[Source records]
Content starts
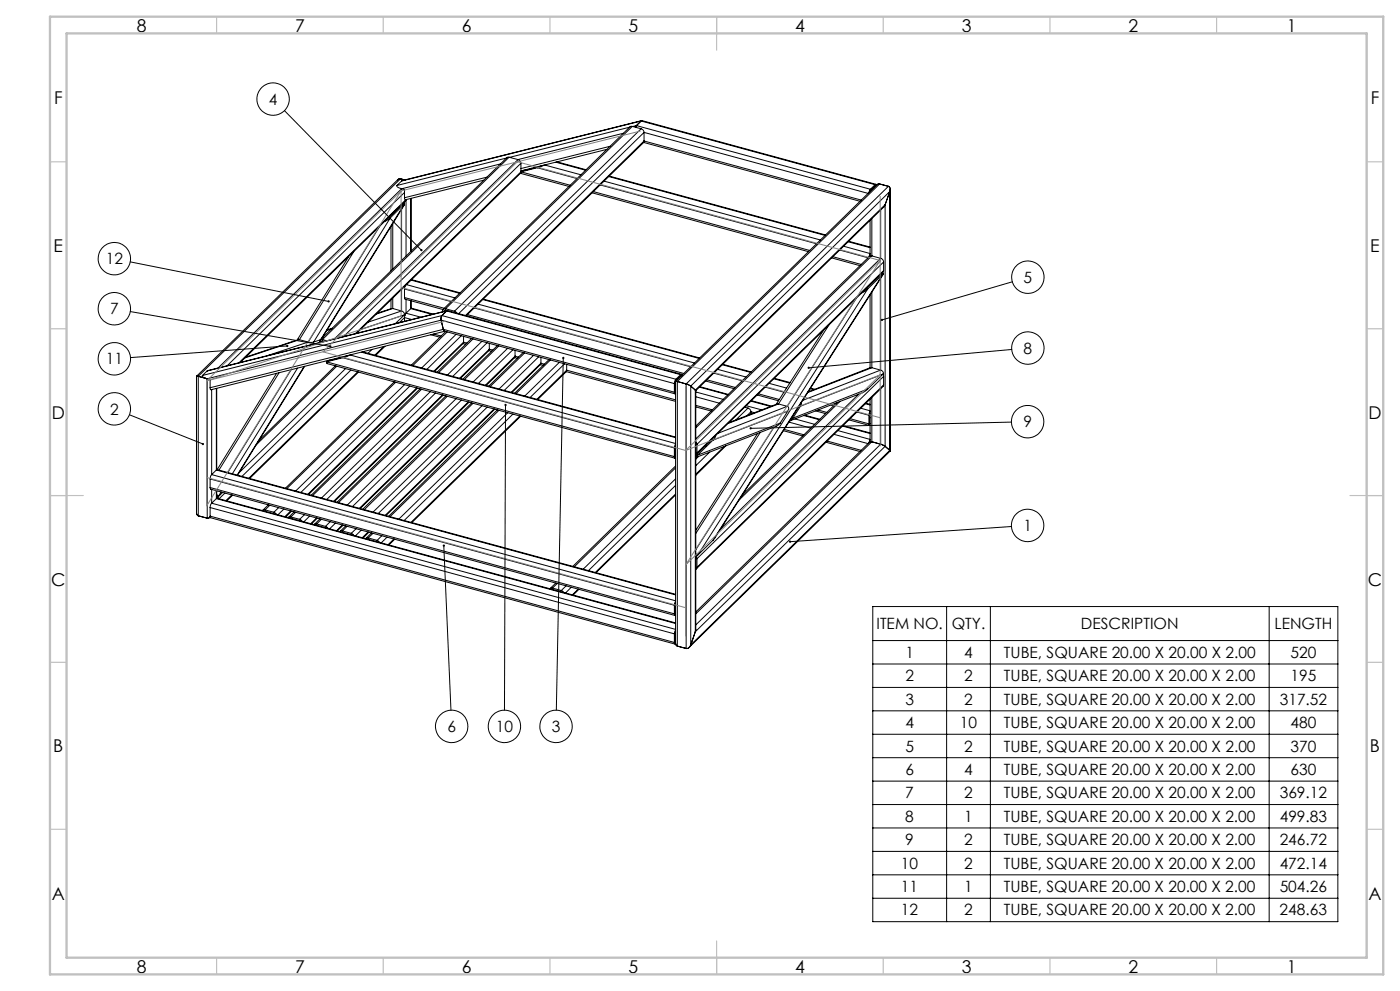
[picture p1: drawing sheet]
<svg xmlns="http://www.w3.org/2000/svg" width="420mm" height="297mm" viewBox="0 0 420 297" stroke-linecap="round" stroke-linejoin="round" font-family="sans-serif">
<g fill="none" stroke="#000" stroke-width=".3">
<path d="M85.3 33.2l41.1 41.8M187 39.9l-31.6 7.9M188.8 38.1l-35.9 9.1M189.7 37.9l-.6 .1-56.1 54.7M189.7 37.9l-56 54.6M189.7 37.9l2.6 .7M190.9 37.6l-.2 .5zM190.9 37.6l70.2 19.1M190.9 37.6l-1.1 .3M192.3 38.6a1.19 1.19 0 0 1 .9 1.1M192.3 36.3l.3-.1 70.2 19M192.3 38.6l-56 54.7"/>
<path d="M192.3 36.3l-1.4 1.3M192.3 36.3l70.2 19M192.3 36.3l-71.8 18M192.5 36.2l-72 18.1M193.2 39.7v2.6M193.2 39.7l-55.6 54.3M193.2 39.7l67.2 18.3M119.1 55.6a1.23 1.23 0 0 0 1.4 1M120.2 53.6l-.8 .2-60.4 58.9M120.2 53.6l-60.7 59.2M120.2 53.6l1.3 .3M120.5 56.6l.9 .2v2.5"/>
<path d="M120.5 54.3l-1.4 1.3M120.5 56.6l-55.1 53.7M121.4 57.7l-53.2 51.9M121.7 59.9l-50 48.8M123.2 59.5v15.9M123.3 59.4v15.8M145.1 54l-23.4 5.9-.3-.2v-.4M146.1 53.1l-24.7 6.2M150.1 49.1l-29.6 7.5M151.9 47.4l-32.8 8.2M152.7 47.1l-.6 .1-56.1 54.7M152.7 47.1l2.7 .7"/>
<path d="M152.7 47.1l-56 54.7M155.4 47.8l.6 .5 .3 .6M155.4 47.8l-55.1 53.8M156.3 51.5l-.2 .5-49.1 47.9M156.3 51.5h.1M156.3 51.5l.2 .5 14.2 3.9M156.3 48.9v2.6M156.3 48.9l-53.3 52M156.3 51.5l-49.7 48.5M156.3 51.5l14.8 4M157.3 51l-.2 .1M159.3 50.4l.3 .1"/>
<path d="M160.7 50.1l.2 .1M161.2 50.3l-4.9 1.2M161.2 50.3l11.9 3.2M162.3 49.7l-6 1.8M163.2 49.5l-2 .8M163.4 49.5l10.9 2.9M166.8 48.6l8.8 2.4M167.1 48.5l8.7 2.4M177.6 57.8l64.9 17.6M178 57.4l64.9 17.7M180.1 55.4l64.9 17.7M181.2 54.3l64.9 17.6"/>
<path d="M182.1 44.8l-25.8 6.4M182.6 52.9l64.9 17.7M182.8 52.8l64.8 17.6M183 43.8l-26.7 6.7M193.1 42.7l64.9 17.6M193.2 42.3l-.2 .5-53.1 51.8M193.2 42.3l-53.6 52.3M193.2 42.3l65.2 17.7M261.1 56.7l-.4 1M262.4 55.9h.1M262.5 55.3l.3-.1 .2 .3M262.5 55.3l-1.4 1.4"/>
<path d="M262.7 55.7l-1.8 1.7M263.9 55.1l-.8 .2-60.4 59M263.9 55.1l2.6 .7M263.9 55.1l-60.7 59.2M266.5 55.8a1.13 1.13 0 0 1 .4 1.6M266.5 55.8a1.1 1.1 0 0 1 .4 1.6M266.5 55.8l-60.7 59.3M266.9 57.4l-1.4 3.9M266.9 57.4v77.6M266.9 57.4l-59.7 58.3M267.1 56.8v78.3M39.1 78.5l59.5 11.8"/>
<path d="M104.6 76.9l-15.2 24.6 .4 .3M106.2 75.4l-16.4 26.4M113.9 67.8l-21.4 34.7M116.6 65.2l-.1 .1M117.1 65.3l-1.7 1.1M117.1 65.3l-23 37.2M117.3 67.9v13.3M117.8 67v13.6M120.3 61.6h.1M120.5 62.7v15.4M120.9 61l.5 .1M121.3 61.1l-4.2 4.2"/>
<path d="M121.3 61.1l-25 40.6M121.4 61.1h-.1M121.4 61.1l-24.8 40.2M121.8 76.7v-16.9l-.4 .7-49.3 48.1M249.5 77.3l8.5 2.3M249.9 76.9l8.5 2.4M251.9 74.9l8.5 2.4M253.1 73.8l7.9 2.2M254.5 72.5l6.5 1.7M254.6 72.3l6.4 1.7M261 76.1l-.3 .9M261 76.6l-.1 .2"/>
<path d="M261 66.1v10.6M261.5 76.7l-.6 .1-52.2 50.9M261.5 76.7l2.7 .7M261.5 76.7l-52.8 51.5M261.5 65.5v11.2M264.2 77.4a1.11 1.11 0 0 1 .9 1.1M264.2 77.4l-55.5 54.1M264.2 63v14.4M265.1 78.5v2.6M265.1 78.5l-56 54.7M265.5 61.3l-.4 .8-56.4 55M265.5 61.3v72.5"/>
<path d="M265.5 61.3l-56.9 55.6M39.1 93.4l60 10.4M99.4 98.6l-1.4 .5M99.7 98.4l-1.6 .5M117.3 89.8v2.7M117.8 92.5l-4.6 1.4M117.8 92.5l2.7 .7M117.8 89.3v3.2M117.8 92.5l-4.9 1.6M120.5 93.2a1.19 1.19 0 0 1 .9 1.1M120.5 86.7v6.5M120.5 93.2l-10.1 3.4"/>
<path d="M121.3 94.4l.2 .1zM121.3 94.4l-2.7 2.6M121.3 94.4l-13.1 4.3M121.4 89.2l.2 .5 11.3 3.1M121.4 94.3l-.1 .1M121.4 86.6v2.6M121.4 95.2v1.1M121.4 86.6l13.9 3.8M121.4 89.2l11.9 3.2M121.4 95.2l2.1 .6M121.4 95.2l-1.6 1.5M121.6 85.7l-.2 .9"/>
<path d="M121.8 93.9l-.4 1.3M121.8 89.7v4.2M121.8 93.9l4.5 1.2M121.9 85.3l14.6 4M123.2 92.5l.3-.1 6.5 1.8M123.2 92.5l6.4 1.7M123.2 92.5l-1.4 1.4M123.2 90.1v2.4M123.3 90.2v2.2M123.3 84l14.6 3.9M123.5 83.8l14.5 4M132.3 96l70 19"/>
<path d="M132.3 96l.7 2.7M132.3 96l-70.2 17.5M132.6 94.6l-.3 1.4M132.6 94.6l70.2 19.1M132.6 94.6l-71.9 17.9M133 98.7l.4 .6 69.1 18.7M133 98.7l69.3 18.8M133 98.7l-70 17.5M133.2 93.3l.3-.3 .7 .1-72.1 18.1M133.2 93.3h.1M133.5 99.3l-70.2 17.5-.3-.6M133.6 93l-.4 .3"/>
<path d="M133.7 92.5a.73 .73 0 0 0-.9 .9M133.7 92.5l2.6 .8M133.7 99.3l-10.3 10.1M134 93.2l.3-.1 70.1 19.1M134 93.2l70.2 19.1M134 93.2l-1.4 1.4M134 93.2l-71.9 18M134.2 99.5l-10.4 10.1M136.3 93.3l.8 .6M140.2 94.3l64.9 17.6M142.3 92.3l64.9 17.6M143.4 91.2l65 17.6"/>
<path d="M144.9 89.8l64.8 17.6M145 89.6l64.9 17.7M247.1 99l-14.2 22.1M248.7 97.4l-15.2 23.7M257 89.3l-20.8 32.5M260.3 86.6l-1.8 1.2M260.3 86.6l-51 79.8M261 88.4v21.8M261.5 87.6v22.6M263.9 82.6h-.1M264.2 83.5v27.4M264.9 82.1l-51 79.9"/>
<path d="M264.9 82.1l-4.6 4.5M265.1 81.9l-51.2 80.1M265.1 81.9l-.2 .2M265.1 81.9l-.5-.1-4.9 4.8M265.1 81.1l-.2 .5-56 54.6M265.1 81.1l-56 54.6M303.7 84.5l-39.1 11.4M58.9 112.8h.6M58.9 112.8v41l.6 .8M59.5 112.8l2.7 .7M59.5 112.8v41.8M60.7 112.5l.2 .5 1.2 .5"/>
<path d="M62.1 113.5l.9 .3v2.4M62.1 111.2l-1.4 1.3M62.2 113.5l.8 .4M62.2 113.5v41.8M63.5 116.8v25.4M64.9 116.4v24.5M65 116.4v24.4M83 111.9l-17.8 28.9M83.7 111.7l-18 29.2M86.2 103.7l-47 3.5M87.3 110.8l-19 30.8M89.3 110.3l-19.6 31.7"/>
<path d="M89.6 101.7l-15.9 5.3M89.8 101.8l2.7 .7M89.8 101.8l-16.3 5.4M91.2 109.9l-20 32.5M91.4 109.8l-20.1 32.6M92.5 102.5h1.6M92.5 102.5l-12.1 4M96.1 101.8l-2 .7M96.3 102.5v.1M96.6 102.2l-.3 .3M96.7 101.8a.71 .71 0 0 0-.7 .2 .71 .71 0 0 0-.2 .7M96.7 101.8l1.3 .3"/>
<path d="M96.9 101l-.1 .1M97.2 102.3l-.6-.1-.3 .3M97.9 108.4h.1M97.9 108.4l.2 .6 104.4 28.3M97.9 108.4l104.4 28.4M98.9 107.9l-.1 .2M100.6 109.6l-22.9 22.4M101 107.4l.2 .1M101 109.7l-24.1 23.6M102.4 107l.2 .1M102.8 107.2l99.5 27.1M102.8 107.2l-4.9 1.2"/>
<path d="M103.7 110.5l-32 31.2M104 106.6l-6.1 1.8M104.8 106.4l-2 .8M105.1 106.4l97.6 26.5M105.3 110.9l-32.7 31.9M107.3 111.4l-32.7 31.9M107.6 111.5l-32.7 31.9M108.4 105.5l94.3 25.7M108.8 105.4l93.9 25.6M108.8 105.4v.1M111.5 104.8l-1.1 1.1M115.1 103.9l-2.7 2.6"/>
<path d="M115.5 103.8l-2.8 2.7M118.3 114.4l-32.7 31.9M118.7 114.5l-32.7 31.9M121.4 115.3l-32.7 31.8M122.9 115.7l-32.6 31.9M125 116.3l-32.6 31.8M125.2 116.3l-32.6 31.9M126 116.6l-32.6 31.8M126.5 116.7l-32.7 31.8M129.1 117.4l-32.7 31.9M129.2 100.3l2.8 .8M130.1 100.1l2.2 .6"/>
<path d="M130.7 117.8l-32.7 31.9M132.8 118.4l-32.7 31.8M133 118.4l-32.7 31.9M133.8 118.6l-32.7 31.9M134.2 118.8l-32.7 31.8M136.8 119.5l-32.6 31.9M136.8 100.2l-10.3 10.1M138.4 100.6l-10.3 10.1M138.4 119.9l-32.6 31.9M138.9 103l.8 .2M139.1 102.5l-.1 .4-8.6 8.4M139.1 100.8v1.7"/>
<path d="M139.1 102.5l-9 8.8M139.1 102.5l1 .3M141.5 101.5l-10.4 10M141.9 101.6l-10.3 10.1M144.6 102.3l-10.4 10.1M146.1 102.7l-10.3 10.1M146.6 105.1l.9 .2M146.8 104.7l-.2 .4-8.5 8.3M146.8 102.9v1.8M146.8 104.7l-8.9 8.7M146.8 104.7l1 .2M149.2 103.6l-10.3 10"/>
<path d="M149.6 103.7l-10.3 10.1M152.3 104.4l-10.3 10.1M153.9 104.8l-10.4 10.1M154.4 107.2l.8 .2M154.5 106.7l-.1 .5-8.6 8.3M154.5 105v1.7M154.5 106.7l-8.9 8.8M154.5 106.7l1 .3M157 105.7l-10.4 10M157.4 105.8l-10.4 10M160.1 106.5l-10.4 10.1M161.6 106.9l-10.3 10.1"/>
Content ends
WHAT TO DO: Quote the data above from the line containing "94.4l.2 .1zM121.3 94.4l-2.7" to the line containing "113.5l.9 .3v2.4M62.1 111.2l-1.4", inclusive, and stop.

SOLUTION BELOW:
<path d="M121.3 94.4l.2 .1zM121.3 94.4l-2.7 2.6M121.3 94.4l-13.1 4.3M121.4 89.2l.2 .5 11.3 3.1M121.4 94.3l-.1 .1M121.4 86.6v2.6M121.4 95.2v1.1M121.4 86.6l13.9 3.8M121.4 89.2l11.9 3.2M121.4 95.2l2.1 .6M121.4 95.2l-1.6 1.5M121.6 85.7l-.2 .9"/>
<path d="M121.8 93.9l-.4 1.3M121.8 89.7v4.2M121.8 93.9l4.5 1.2M121.9 85.3l14.6 4M123.2 92.5l.3-.1 6.5 1.8M123.2 92.5l6.4 1.7M123.2 92.5l-1.4 1.4M123.2 90.1v2.4M123.3 90.2v2.2M123.3 84l14.6 3.9M123.5 83.8l14.5 4M132.3 96l70 19"/>
<path d="M132.3 96l.7 2.7M132.3 96l-70.2 17.5M132.6 94.6l-.3 1.4M132.6 94.6l70.2 19.1M132.6 94.6l-71.9 17.9M133 98.7l.4 .6 69.1 18.7M133 98.7l69.3 18.8M133 98.7l-70 17.5M133.2 93.3l.3-.3 .7 .1-72.1 18.1M133.2 93.3h.1M133.5 99.3l-70.2 17.5-.3-.6M133.6 93l-.4 .3"/>
<path d="M133.7 92.5a.73 .73 0 0 0-.9 .9M133.7 92.5l2.6 .8M133.7 99.3l-10.3 10.1M134 93.2l.3-.1 70.1 19.1M134 93.2l70.2 19.1M134 93.2l-1.4 1.4M134 93.2l-71.9 18M134.2 99.5l-10.4 10.1M136.3 93.3l.8 .6M140.2 94.3l64.9 17.6M142.3 92.3l64.9 17.6M143.4 91.2l65 17.6"/>
<path d="M144.9 89.8l64.8 17.6M145 89.6l64.9 17.7M247.1 99l-14.2 22.1M248.7 97.4l-15.2 23.7M257 89.3l-20.8 32.5M260.3 86.6l-1.8 1.2M260.3 86.6l-51 79.8M261 88.4v21.8M261.5 87.6v22.6M263.9 82.6h-.1M264.2 83.5v27.4M264.9 82.1l-51 79.9"/>
<path d="M264.9 82.1l-4.6 4.5M265.1 81.9l-51.2 80.1M265.1 81.9l-.2 .2M265.1 81.9l-.5-.1-4.9 4.8M265.1 81.1l-.2 .5-56 54.6M265.1 81.1l-56 54.6M303.7 84.5l-39.1 11.4M58.9 112.8h.6M58.9 112.8v41l.6 .8M59.5 112.8l2.7 .7M59.5 112.8v41.8M60.7 112.5l.2 .5 1.2 .5"/>
<path d="M62.1 113.5l.9 .3v2.4M62.1 111.2l-1.4 1.3M62.2 113.5l.8 .4M62.2 113.5v41.8M63.5 116.8v25.4M64.9 116.4v24.5M65 116.4v24.4M83 111.9l-17.8 28.9M83.7 111.7l-18 29.2M86.2 103.7l-47 3.5M87.3 110.8l-19 30.8M89.3 110.3l-19.6 31.7"/>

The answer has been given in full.